Collected data entries:
* * * *
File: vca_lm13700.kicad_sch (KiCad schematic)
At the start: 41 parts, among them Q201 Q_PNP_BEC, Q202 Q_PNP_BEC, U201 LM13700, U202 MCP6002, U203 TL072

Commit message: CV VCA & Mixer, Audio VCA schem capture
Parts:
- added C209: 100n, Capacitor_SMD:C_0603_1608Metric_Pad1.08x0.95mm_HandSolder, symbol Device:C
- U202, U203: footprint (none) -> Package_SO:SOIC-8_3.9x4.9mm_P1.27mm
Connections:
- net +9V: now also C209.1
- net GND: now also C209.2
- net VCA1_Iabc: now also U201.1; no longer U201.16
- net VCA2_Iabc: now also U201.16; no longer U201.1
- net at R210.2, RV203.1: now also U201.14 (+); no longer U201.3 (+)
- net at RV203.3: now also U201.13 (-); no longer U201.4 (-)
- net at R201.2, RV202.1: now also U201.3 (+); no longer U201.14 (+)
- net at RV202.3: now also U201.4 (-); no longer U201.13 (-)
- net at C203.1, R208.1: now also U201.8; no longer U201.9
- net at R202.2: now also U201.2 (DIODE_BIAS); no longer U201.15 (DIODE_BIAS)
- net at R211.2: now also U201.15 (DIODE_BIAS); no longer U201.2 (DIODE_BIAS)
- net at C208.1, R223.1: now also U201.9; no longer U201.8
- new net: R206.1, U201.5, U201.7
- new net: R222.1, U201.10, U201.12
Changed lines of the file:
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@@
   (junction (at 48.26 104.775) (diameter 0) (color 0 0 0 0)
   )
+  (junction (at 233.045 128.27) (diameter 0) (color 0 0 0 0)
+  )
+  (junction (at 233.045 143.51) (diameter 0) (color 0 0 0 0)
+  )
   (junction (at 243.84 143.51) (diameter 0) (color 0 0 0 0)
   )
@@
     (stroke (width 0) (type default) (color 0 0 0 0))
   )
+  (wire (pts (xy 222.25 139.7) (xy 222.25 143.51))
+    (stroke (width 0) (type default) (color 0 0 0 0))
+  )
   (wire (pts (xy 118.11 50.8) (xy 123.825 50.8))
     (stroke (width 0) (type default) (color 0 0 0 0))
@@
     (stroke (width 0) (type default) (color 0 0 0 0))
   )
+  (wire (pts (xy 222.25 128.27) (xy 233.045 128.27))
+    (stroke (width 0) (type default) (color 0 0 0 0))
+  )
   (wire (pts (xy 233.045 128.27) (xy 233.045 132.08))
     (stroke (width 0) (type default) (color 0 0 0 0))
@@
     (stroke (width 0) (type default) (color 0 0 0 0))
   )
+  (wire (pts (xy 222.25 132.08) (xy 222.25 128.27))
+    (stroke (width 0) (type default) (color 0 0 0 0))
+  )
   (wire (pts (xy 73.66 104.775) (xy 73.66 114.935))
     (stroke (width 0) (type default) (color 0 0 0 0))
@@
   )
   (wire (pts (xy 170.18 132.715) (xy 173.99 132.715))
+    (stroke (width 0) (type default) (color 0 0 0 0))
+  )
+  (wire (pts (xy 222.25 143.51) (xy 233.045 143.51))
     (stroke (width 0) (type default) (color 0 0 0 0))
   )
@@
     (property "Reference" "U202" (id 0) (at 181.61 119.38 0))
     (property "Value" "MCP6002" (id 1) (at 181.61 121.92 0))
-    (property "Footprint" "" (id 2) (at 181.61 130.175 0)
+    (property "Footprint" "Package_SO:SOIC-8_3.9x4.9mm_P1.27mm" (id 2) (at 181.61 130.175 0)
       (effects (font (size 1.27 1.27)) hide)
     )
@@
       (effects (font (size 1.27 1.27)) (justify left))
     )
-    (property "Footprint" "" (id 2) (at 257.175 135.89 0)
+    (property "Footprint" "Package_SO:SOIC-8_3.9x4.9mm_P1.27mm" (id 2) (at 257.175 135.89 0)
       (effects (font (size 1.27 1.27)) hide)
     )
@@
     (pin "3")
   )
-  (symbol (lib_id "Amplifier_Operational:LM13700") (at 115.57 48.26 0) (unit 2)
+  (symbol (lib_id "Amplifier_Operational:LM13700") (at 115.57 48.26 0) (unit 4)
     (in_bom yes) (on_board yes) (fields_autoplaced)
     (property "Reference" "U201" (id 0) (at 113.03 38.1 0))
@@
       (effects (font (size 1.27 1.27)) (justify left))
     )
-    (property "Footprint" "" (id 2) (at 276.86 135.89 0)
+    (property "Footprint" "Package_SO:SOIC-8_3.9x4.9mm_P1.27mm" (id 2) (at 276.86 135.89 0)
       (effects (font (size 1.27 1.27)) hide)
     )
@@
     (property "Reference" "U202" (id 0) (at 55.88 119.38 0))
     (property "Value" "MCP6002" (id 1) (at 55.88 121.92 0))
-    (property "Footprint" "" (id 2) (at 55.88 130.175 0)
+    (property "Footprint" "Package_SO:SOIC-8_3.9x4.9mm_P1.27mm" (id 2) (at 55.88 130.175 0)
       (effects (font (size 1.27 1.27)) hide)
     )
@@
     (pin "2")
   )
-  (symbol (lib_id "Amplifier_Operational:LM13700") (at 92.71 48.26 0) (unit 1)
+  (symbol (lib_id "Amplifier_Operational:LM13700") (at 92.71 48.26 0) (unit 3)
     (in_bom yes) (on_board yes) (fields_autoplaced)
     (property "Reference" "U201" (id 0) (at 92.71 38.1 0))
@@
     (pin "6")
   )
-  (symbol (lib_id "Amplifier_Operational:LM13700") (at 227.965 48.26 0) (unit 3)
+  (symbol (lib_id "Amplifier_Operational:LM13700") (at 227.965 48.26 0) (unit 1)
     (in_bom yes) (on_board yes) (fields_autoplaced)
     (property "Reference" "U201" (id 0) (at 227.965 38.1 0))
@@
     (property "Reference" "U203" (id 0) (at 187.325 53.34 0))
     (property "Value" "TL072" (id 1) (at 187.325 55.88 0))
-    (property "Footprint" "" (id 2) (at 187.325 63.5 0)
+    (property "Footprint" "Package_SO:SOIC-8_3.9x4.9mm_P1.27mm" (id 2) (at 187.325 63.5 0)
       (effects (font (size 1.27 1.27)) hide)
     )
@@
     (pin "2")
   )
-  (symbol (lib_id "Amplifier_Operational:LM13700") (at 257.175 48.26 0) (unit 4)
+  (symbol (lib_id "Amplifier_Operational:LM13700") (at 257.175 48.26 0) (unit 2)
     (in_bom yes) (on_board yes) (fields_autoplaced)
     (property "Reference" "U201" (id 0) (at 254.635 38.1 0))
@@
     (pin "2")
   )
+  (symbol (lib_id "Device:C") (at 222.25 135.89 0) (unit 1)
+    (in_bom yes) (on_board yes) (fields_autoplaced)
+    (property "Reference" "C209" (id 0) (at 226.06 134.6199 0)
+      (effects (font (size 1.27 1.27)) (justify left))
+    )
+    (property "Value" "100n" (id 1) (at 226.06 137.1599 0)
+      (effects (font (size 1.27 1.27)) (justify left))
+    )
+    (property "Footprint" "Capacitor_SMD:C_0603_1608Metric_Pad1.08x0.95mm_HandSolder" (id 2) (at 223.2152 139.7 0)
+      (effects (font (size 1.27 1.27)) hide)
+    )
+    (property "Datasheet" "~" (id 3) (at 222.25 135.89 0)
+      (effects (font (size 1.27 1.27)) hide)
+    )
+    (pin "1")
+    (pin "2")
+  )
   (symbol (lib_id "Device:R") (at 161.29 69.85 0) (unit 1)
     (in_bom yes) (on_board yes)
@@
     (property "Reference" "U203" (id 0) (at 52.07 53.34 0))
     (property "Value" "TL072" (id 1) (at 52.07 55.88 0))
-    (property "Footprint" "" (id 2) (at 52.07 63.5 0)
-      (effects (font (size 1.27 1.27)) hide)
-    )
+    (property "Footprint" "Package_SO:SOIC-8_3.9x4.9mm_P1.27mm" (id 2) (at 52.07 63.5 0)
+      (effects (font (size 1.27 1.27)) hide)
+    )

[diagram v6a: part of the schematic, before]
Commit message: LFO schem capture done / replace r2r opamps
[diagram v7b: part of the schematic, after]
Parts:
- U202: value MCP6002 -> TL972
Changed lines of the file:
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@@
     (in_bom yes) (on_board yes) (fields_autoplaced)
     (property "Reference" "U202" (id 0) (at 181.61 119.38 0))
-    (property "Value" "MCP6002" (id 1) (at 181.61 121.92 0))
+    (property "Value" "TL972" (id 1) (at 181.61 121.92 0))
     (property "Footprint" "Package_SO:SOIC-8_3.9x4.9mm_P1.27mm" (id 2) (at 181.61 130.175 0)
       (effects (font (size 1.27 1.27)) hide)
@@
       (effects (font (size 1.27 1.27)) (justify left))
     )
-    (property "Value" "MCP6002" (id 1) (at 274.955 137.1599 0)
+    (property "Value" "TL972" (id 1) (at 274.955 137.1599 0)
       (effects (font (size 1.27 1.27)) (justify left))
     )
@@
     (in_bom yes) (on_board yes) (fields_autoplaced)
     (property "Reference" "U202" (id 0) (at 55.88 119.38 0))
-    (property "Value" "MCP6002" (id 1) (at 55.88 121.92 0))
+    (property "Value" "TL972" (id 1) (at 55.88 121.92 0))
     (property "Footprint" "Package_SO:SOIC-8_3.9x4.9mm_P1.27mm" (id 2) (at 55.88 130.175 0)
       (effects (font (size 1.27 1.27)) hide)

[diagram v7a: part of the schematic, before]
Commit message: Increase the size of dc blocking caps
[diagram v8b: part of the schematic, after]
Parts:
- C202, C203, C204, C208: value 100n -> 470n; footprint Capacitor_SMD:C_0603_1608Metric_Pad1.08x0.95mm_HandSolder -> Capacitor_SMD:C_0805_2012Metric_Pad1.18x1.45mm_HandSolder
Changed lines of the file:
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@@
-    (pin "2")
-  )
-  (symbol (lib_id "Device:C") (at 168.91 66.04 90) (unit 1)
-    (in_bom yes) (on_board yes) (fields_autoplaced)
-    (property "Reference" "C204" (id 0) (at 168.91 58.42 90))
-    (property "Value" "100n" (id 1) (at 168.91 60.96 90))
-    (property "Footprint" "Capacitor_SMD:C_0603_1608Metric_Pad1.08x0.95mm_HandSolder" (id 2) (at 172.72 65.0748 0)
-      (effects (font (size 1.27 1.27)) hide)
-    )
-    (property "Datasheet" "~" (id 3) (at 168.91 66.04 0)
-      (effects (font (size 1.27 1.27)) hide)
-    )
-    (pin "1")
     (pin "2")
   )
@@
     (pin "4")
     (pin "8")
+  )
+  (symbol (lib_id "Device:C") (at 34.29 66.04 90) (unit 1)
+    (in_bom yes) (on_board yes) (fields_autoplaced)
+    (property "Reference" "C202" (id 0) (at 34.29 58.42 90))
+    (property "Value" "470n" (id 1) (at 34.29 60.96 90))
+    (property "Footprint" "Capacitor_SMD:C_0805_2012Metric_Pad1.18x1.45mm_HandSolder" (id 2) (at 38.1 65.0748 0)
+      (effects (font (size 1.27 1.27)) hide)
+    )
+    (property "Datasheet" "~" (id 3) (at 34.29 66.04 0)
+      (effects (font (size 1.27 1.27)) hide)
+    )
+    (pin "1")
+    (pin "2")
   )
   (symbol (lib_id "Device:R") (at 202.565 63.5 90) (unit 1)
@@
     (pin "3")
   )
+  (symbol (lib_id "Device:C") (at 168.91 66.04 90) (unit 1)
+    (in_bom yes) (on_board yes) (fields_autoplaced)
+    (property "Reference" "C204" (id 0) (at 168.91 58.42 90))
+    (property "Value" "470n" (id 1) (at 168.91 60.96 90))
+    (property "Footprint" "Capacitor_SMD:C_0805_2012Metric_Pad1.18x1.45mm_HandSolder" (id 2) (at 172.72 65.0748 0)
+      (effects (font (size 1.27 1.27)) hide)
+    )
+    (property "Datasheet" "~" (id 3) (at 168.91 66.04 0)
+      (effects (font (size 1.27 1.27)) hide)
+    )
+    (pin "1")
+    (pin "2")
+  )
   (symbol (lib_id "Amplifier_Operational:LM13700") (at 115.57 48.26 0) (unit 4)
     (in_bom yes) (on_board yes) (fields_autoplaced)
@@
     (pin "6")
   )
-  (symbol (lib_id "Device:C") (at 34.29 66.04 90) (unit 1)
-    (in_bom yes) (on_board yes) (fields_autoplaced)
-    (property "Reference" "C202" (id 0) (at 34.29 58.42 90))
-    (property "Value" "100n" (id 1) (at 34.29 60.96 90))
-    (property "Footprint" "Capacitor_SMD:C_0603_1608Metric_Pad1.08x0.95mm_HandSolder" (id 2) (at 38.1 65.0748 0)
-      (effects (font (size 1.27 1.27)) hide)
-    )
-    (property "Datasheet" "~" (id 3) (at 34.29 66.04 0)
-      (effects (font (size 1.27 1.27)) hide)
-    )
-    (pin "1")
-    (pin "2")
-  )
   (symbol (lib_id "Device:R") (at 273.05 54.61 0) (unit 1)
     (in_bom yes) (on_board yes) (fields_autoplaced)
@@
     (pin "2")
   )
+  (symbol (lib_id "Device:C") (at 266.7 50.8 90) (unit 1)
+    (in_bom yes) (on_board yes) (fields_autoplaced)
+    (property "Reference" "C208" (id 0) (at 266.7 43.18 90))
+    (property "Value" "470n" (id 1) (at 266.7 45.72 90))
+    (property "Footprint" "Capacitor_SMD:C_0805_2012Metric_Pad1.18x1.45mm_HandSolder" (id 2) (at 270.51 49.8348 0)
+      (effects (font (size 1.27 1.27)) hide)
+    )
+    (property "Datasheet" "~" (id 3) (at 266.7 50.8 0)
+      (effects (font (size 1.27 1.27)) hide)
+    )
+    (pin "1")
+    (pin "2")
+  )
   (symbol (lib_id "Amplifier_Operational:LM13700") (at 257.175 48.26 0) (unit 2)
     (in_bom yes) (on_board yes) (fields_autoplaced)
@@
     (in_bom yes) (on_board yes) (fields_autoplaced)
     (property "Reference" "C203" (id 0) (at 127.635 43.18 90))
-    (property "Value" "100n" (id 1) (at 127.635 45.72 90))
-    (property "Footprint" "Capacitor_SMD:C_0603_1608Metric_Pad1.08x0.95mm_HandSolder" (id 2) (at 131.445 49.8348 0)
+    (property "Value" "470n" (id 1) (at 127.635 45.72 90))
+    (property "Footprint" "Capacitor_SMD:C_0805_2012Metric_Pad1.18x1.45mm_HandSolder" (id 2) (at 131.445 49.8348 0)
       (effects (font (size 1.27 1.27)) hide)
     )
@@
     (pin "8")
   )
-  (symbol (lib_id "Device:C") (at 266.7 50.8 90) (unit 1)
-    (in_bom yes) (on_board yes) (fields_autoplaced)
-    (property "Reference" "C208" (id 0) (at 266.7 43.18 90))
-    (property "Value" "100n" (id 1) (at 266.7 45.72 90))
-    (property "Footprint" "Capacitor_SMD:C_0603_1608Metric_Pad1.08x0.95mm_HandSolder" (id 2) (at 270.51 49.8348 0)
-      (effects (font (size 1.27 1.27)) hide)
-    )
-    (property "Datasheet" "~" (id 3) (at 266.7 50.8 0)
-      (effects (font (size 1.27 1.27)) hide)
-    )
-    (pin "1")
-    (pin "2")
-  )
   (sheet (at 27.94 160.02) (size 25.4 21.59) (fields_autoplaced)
* * * *
Repeat the entries above verbatim, but only from the line that has "227.965 48.26 0) (unit 1)" down to the line that has "257.175 48.26 0) (unit 4)", inclusive.

COMPLETED EXERCISE:
+  (symbol (lib_id "Amplifier_Operational:LM13700") (at 227.965 48.26 0) (unit 1)
     (in_bom yes) (on_board yes) (fields_autoplaced)
     (property "Reference" "U201" (id 0) (at 227.965 38.1 0))
@@
     (property "Reference" "U203" (id 0) (at 187.325 53.34 0))
     (property "Value" "TL072" (id 1) (at 187.325 55.88 0))
-    (property "Footprint" "" (id 2) (at 187.325 63.5 0)
+    (property "Footprint" "Package_SO:SOIC-8_3.9x4.9mm_P1.27mm" (id 2) (at 187.325 63.5 0)
       (effects (font (size 1.27 1.27)) hide)
     )
@@
     (pin "2")
   )
-  (symbol (lib_id "Amplifier_Operational:LM13700") (at 257.175 48.26 0) (unit 4)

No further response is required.